◆ **How to complete this task**
Could you retype the records word for word but without any pictures?

Saved entries
=== Section Start ===
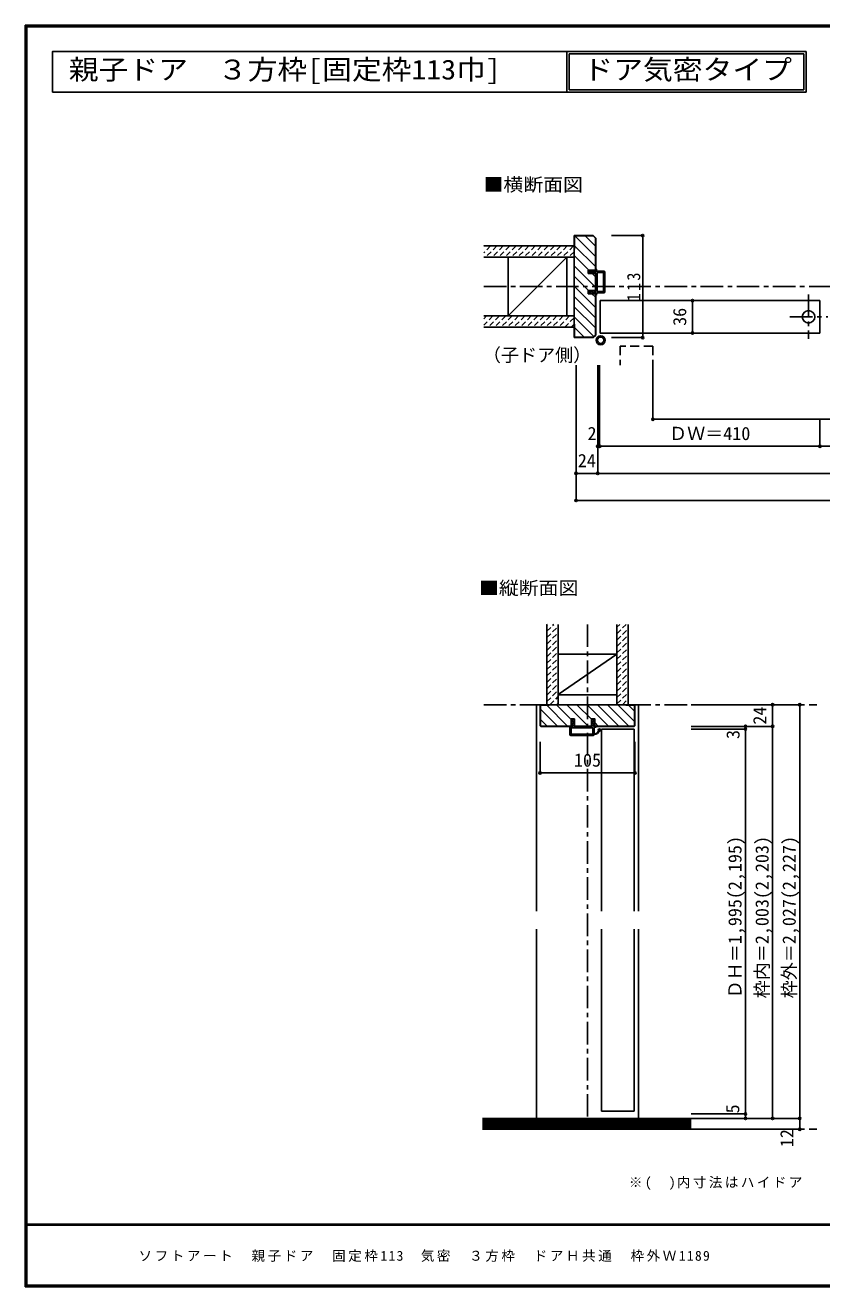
# Model space of a CAD drawing. Units: millimetres at full size, sheet at 1:5; details may follow other scales. Extents: x -973 to 977, y -718 to 696.
# Drawn here: x -973 to -92, y -701 to 696 of the extents above; entities that cross this region are included whole.
import ezdxf
from ezdxf.enums import TextEntityAlignment as Align

# ---------------------------------------------------------------- set-up
doc = ezdxf.new("R2010")
doc.units = ezdxf.units.MM
doc.header["$LTSCALE"] = 5
doc.header["$PDMODE"] = 32
doc.header["$PDSIZE"] = 2.5
for name, pattern in [('CHAIN1', [8, 5, -1, 1, -1]), ('DASHED1', [1.8, 1.2, -0.6]), ('DASHED2', [3, 2, -1])]:
    doc.linetypes.add(name, pattern=pattern)
for name, color, linetype in [('0-0_補助線', 7, 'Continuous'), ('0-1_通り芯', 4, 'CHAIN1'), ('0-3_仕上げ', 2, 'Continuous'), ('0-4_枠', 3, 'Continuous'), ('0-6_扉', 6, 'Continuous'), ('0-A_文字', 3, 'Continuous'), ('0-B_寸法', 7, 'Continuous'), ('0-C_ハッチ', 4, 'DASHED1'), ('F-1_枠', 6, 'Continuous'), ('F-A_文字', 7, 'Continuous')]:
    doc.layers.add(name, color=color, linetype=linetype)
doc.styles.add('ＭＳ ゴシック', font='')
doc.styles.get('ＭＳ ゴシック').set_extended_font_data('MS Gothic')

# ---------------------------------------------------------------- blocks, each defined once
blk = doc.blocks.new('2')
at = {"layer": '0-0_補助線'}
for p, q in [((-9.846, -9.622), (-9.846, 15.078)), ((-8.846, 16.078), (0.354, 16.078)), ((-8.846, 15.878), (0.637, 15.878)), ((-8.446, 14.378), (-8.446, -8.922)), ((-8.146, 14.678), (-1.546, 14.678)), ((-1.246, 14.378), (-1.246, -8.922)), ((0.154, 11.653), (2.154, 11.653)), ((0.154, 11.653), (0.154, -8.497)), ((2.154, 10.953), (2.154, 11.653)), ((3.154, 11.653), (2.512, 10.83)), ((3.154, 11.653), (6.154, 11.653)), ((4.154, 13.753), (4.154, 13.053)), ((5.154, 13.053), (4.512, 13.876)), ((7.154, 13.053), (5.154, 13.053)), ((6.154, 10.953), (6.154, 11.653)), ((7.558, 12.258), (6.516, 10.835)), ((-1.48, -10.622), (-8.846, -10.622)), ((-1.546, -9.222), (-8.146, -9.222)), ((-1.189, -10.85), (-0.732, -12.694)), ((0.354, -12.922), (-0.441, -12.922)), ((0.154, -8.497), (2.154, -8.497)), ((4.154, -9.897), (0.154, -9.897)), ((0.154, -9.897), (0.154, -10.622)), ((0.154, -10.622), (0.645, -12.548)), ((2.154, -7.797), (2.154, -8.497)), ((3.154, -8.497), (2.512, -7.674)), ((3.154, -8.497), (6.154, -8.497)), ((4.154, -10.597), (4.154, -9.897)), ((5.154, -9.897), (4.512, -10.72)), ((7.154, -9.897), (5.154, -9.897)), ((6.154, -7.797), (6.154, -8.497)), ((7.558, -9.101), (6.516, -7.679))]:
    blk.add_line(p, q, dxfattribs=at)
for points in [[(-9.646, 15.078), (-9.646, -9.622), (-9.846, -9.622)], [(4.154, 13.053), (0.154, 13.053), (0.649, 15.723)]]:
    blk.add_lwpolyline(points, dxfattribs=at)
for centre, radius, start, end in [((-8.846, 15.078), 1, 90, 180), ((-8.846, 15.078), 0.8, 90, 180), ((-8.146, 14.378), 0.3, 90, 180), ((-1.546, 14.378), 0.3, 0, 90), ((0.354, 15.778), 0.3, 349.49875, 90), ((2.354, 10.953), 0.2, 180, 322.03043), ((4.354, 13.753), 0.2, 37.96957, 180), ((6.354, 10.953), 0.2, 180, 323.78053), ((7.154, 12.553), 0.5, 323.78053, 90), ((-8.846, -9.622), 1, 180, 270), ((-2.846, -10.72), 6, 179.06153, 259.29815), ((-8.146, -8.922), 0.3, 180, 270), ((-2.846, -10.72), 5.3, 178.93757, 259.29815), ((-1.546, -8.922), 0.3, 270, 0), ((-1.48, -10.922), 0.3, 13.9282, 90), ((-0.441, -12.622), 0.3, 193.9282, 270), ((0.354, -12.622), 0.3, 270, 14.29438), ((2.354, -7.797), 0.2, 37.96957, 180), ((4.354, -10.597), 0.2, 180, 322.03043), ((6.354, -7.797), 0.2, 36.21947, 180), ((7.154, -9.397), 0.5, 270, 36.21947), ((-3.896, -16.272), 0.35, 259.29815, 79.29815)]:
    blk.add_arc(centre, radius, start, end, dxfattribs=at)
blk.add_point((-3.896, -16.622), dxfattribs=at)
blk = doc.blocks.new('01(1)')
at = {"layer": '0-0_補助線'}
for p, q in [((-14.5, 0.346), (-14.5, -0.449)), ((-14.3, 0.346), (-14.3, -0.449)), ((-12.045, -0.049), (-14.178, 0.444)), ((-12, 0.146), (-14.133, 0.639)), ((-11.475, 5.146), (-12.298, 4.504)), ((-12.175, 4.146), (-11.475, 4.146)), ((-12.045, -0.049), (-11.993, 0.145)), ((-11.475, 0.146), (-12, 0.146)), ((-11.475, 7.146), (-11.475, 5.146)), ((-11.475, 4.146), (-11.475, 0.146)), ((-10.68, 7.55), (-9.257, 6.508)), ((-9.375, 6.146), (-10.075, 6.146)), ((-10.075, 3.146), (-10.075, 6.146)), ((-10.075, 3.146), (-9.252, 2.504)), ((-9.375, 2.146), (-10.075, 2.146)), ((-10.075, 0.146), (-10.075, 2.146)), ((-10.075, 0.146), (10.075, 0.146)), ((10.075, 3.146), (9.252, 2.504)), ((10.68, 7.55), (9.257, 6.508)), ((9.375, 6.146), (10.075, 6.146)), ((9.375, 2.146), (10.075, 2.146)), ((10.075, 3.146), (10.075, 6.146)), ((10.075, 0.146), (10.075, 2.146)), ((11.475, 7.146), (11.475, 5.146)), ((11.475, 5.146), (12.298, 4.504)), ((12.175, 4.146), (11.475, 4.146)), ((11.475, 4.146), (11.475, 0.146)), ((11.475, 0.146), (12, 0.146)), ((12.045, -0.049), (11.993, 0.145)), ((12, 0.146), (14.133, 0.639)), ((12.045, -0.049), (14.178, 0.444)), ((14.3, 0.346), (14.3, -0.449)), ((14.5, 0.346), (14.5, -0.449)), ((-14.265, -0.741), (-12.235, -1.196)), ((-14.222, -0.546), (-12.191, -1.001)), ((-12, -1.488), (-12, -8.854)), ((-11.8, -1.488), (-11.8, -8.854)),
=== Section End ===
◆ **Solution for this exercise**
# Model space of a CAD drawing. Units: millimetres at full size, sheet at 1:5; details may follow other scales. Extents: x -973 to 977, y -718 to 696.
# Drawn here: x -973 to -92, y -701 to 696 of the extents above; entities that cross this region are included whole.
import ezdxf
from ezdxf.enums import TextEntityAlignment as Align

# ---------------------------------------------------------------- set-up
doc = ezdxf.new("R2010")
doc.units = ezdxf.units.MM
doc.header["$LTSCALE"] = 5
doc.header["$PDMODE"] = 32
doc.header["$PDSIZE"] = 2.5
for name, pattern in [('CHAIN1', [8, 5, -1, 1, -1]), ('DASHED1', [1.8, 1.2, -0.6]), ('DASHED2', [3, 2, -1])]:
    doc.linetypes.add(name, pattern=pattern)
for name, color, linetype in [('0-0_補助線', 7, 'Continuous'), ('0-1_通り芯', 4, 'CHAIN1'), ('0-3_仕上げ', 2, 'Continuous'), ('0-4_枠', 3, 'Continuous'), ('0-6_扉', 6, 'Continuous'), ('0-A_文字', 3, 'Continuous'), ('0-B_寸法', 7, 'Continuous'), ('0-C_ハッチ', 4, 'DASHED1'), ('F-1_枠', 6, 'Continuous'), ('F-A_文字', 7, 'Continuous')]:
    doc.layers.add(name, color=color, linetype=linetype)
doc.styles.add('ＭＳ ゴシック', font='')
doc.styles.get('ＭＳ ゴシック').set_extended_font_data('MS Gothic')

# ---------------------------------------------------------------- blocks, each defined once
blk = doc.blocks.new('2')
at = {"layer": '0-0_補助線'}
for p, q in [((-9.846, -9.622), (-9.846, 15.078)), ((-8.846, 16.078), (0.354, 16.078)), ((-8.846, 15.878), (0.637, 15.878)), ((-8.446, 14.378), (-8.446, -8.922)), ((-8.146, 14.678), (-1.546, 14.678)), ((-1.246, 14.378), (-1.246, -8.922)), ((0.154, 11.653), (2.154, 11.653)), ((0.154, 11.653), (0.154, -8.497)), ((2.154, 10.953), (2.154, 11.653)), ((3.154, 11.653), (2.512, 10.83)), ((3.154, 11.653), (6.154, 11.653)), ((4.154, 13.753), (4.154, 13.053)), ((5.154, 13.053), (4.512, 13.876)), ((7.154, 13.053), (5.154, 13.053)), ((6.154, 10.953), (6.154, 11.653)), ((7.558, 12.258), (6.516, 10.835)), ((-1.48, -10.622), (-8.846, -10.622)), ((-1.546, -9.222), (-8.146, -9.222)), ((-1.189, -10.85), (-0.732, -12.694)), ((0.354, -12.922), (-0.441, -12.922)), ((0.154, -8.497), (2.154, -8.497)), ((4.154, -9.897), (0.154, -9.897)), ((0.154, -9.897), (0.154, -10.622)), ((0.154, -10.622), (0.645, -12.548)), ((2.154, -7.797), (2.154, -8.497)), ((3.154, -8.497), (2.512, -7.674)), ((3.154, -8.497), (6.154, -8.497)), ((4.154, -10.597), (4.154, -9.897)), ((5.154, -9.897), (4.512, -10.72)), ((7.154, -9.897), (5.154, -9.897)), ((6.154, -7.797), (6.154, -8.497)), ((7.558, -9.101), (6.516, -7.679))]:
    blk.add_line(p, q, dxfattribs=at)
for points in [[(-9.646, 15.078), (-9.646, -9.622), (-9.846, -9.622)], [(4.154, 13.053), (0.154, 13.053), (0.649, 15.723)]]:
    blk.add_lwpolyline(points, dxfattribs=at)
for centre, radius, start, end in [((-8.846, 15.078), 1, 90, 180), ((-8.846, 15.078), 0.8, 90, 180), ((-8.146, 14.378), 0.3, 90, 180), ((-1.546, 14.378), 0.3, 0, 90), ((0.354, 15.778), 0.3, 349.49875, 90), ((2.354, 10.953), 0.2, 180, 322.03043), ((4.354, 13.753), 0.2, 37.96957, 180), ((6.354, 10.953), 0.2, 180, 323.78053), ((7.154, 12.553), 0.5, 323.78053, 90), ((-8.846, -9.622), 1, 180, 270), ((-2.846, -10.72), 6, 179.06153, 259.29815), ((-8.146, -8.922), 0.3, 180, 270), ((-2.846, -10.72), 5.3, 178.93757, 259.29815), ((-1.546, -8.922), 0.3, 270, 0), ((-1.48, -10.922), 0.3, 13.9282, 90), ((-0.441, -12.622), 0.3, 193.9282, 270), ((0.354, -12.622), 0.3, 270, 14.29438), ((2.354, -7.797), 0.2, 37.96957, 180), ((4.354, -10.597), 0.2, 180, 322.03043), ((6.354, -7.797), 0.2, 36.21947, 180), ((7.154, -9.397), 0.5, 270, 36.21947), ((-3.896, -16.272), 0.35, 259.29815, 79.29815)]:
    blk.add_arc(centre, radius, start, end, dxfattribs=at)
blk.add_point((-3.896, -16.622), dxfattribs=at)
blk = doc.blocks.new('01(1)')
at = {"layer": '0-0_補助線'}
for p, q in [((-14.5, 0.346), (-14.5, -0.449)), ((-14.3, 0.346), (-14.3, -0.449)), ((-12.045, -0.049), (-14.178, 0.444)), ((-12, 0.146), (-14.133, 0.639)), ((-11.475, 5.146), (-12.298, 4.504)), ((-12.175, 4.146), (-11.475, 4.146)), ((-12.045, -0.049), (-11.993, 0.145)), ((-11.475, 0.146), (-12, 0.146)), ((-11.475, 7.146), (-11.475, 5.146)), ((-11.475, 4.146), (-11.475, 0.146)), ((-10.68, 7.55), (-9.257, 6.508)), ((-9.375, 6.146), (-10.075, 6.146)), ((-10.075, 3.146), (-10.075, 6.146)), ((-10.075, 3.146), (-9.252, 2.504)), ((-9.375, 2.146), (-10.075, 2.146)), ((-10.075, 0.146), (-10.075, 2.146)), ((-10.075, 0.146), (10.075, 0.146)), ((10.075, 3.146), (9.252, 2.504)), ((10.68, 7.55), (9.257, 6.508)), ((9.375, 6.146), (10.075, 6.146)), ((9.375, 2.146), (10.075, 2.146)), ((10.075, 3.146), (10.075, 6.146)), ((10.075, 0.146), (10.075, 2.146)), ((11.475, 7.146), (11.475, 5.146)), ((11.475, 5.146), (12.298, 4.504)), ((12.175, 4.146), (11.475, 4.146)), ((11.475, 4.146), (11.475, 0.146)), ((11.475, 0.146), (12, 0.146)), ((12.045, -0.049), (11.993, 0.145)), ((12, 0.146), (14.133, 0.639)), ((12.045, -0.049), (14.178, 0.444)), ((14.3, 0.346), (14.3, -0.449)), ((14.5, 0.346), (14.5, -0.449)), ((-14.265, -0.741), (-12.235, -1.196)), ((-14.222, -0.546), (-12.191, -1.001)), ((-12, -1.488), (-12, -8.854)), ((-11.8, -1.488), (-11.8, -8.854)),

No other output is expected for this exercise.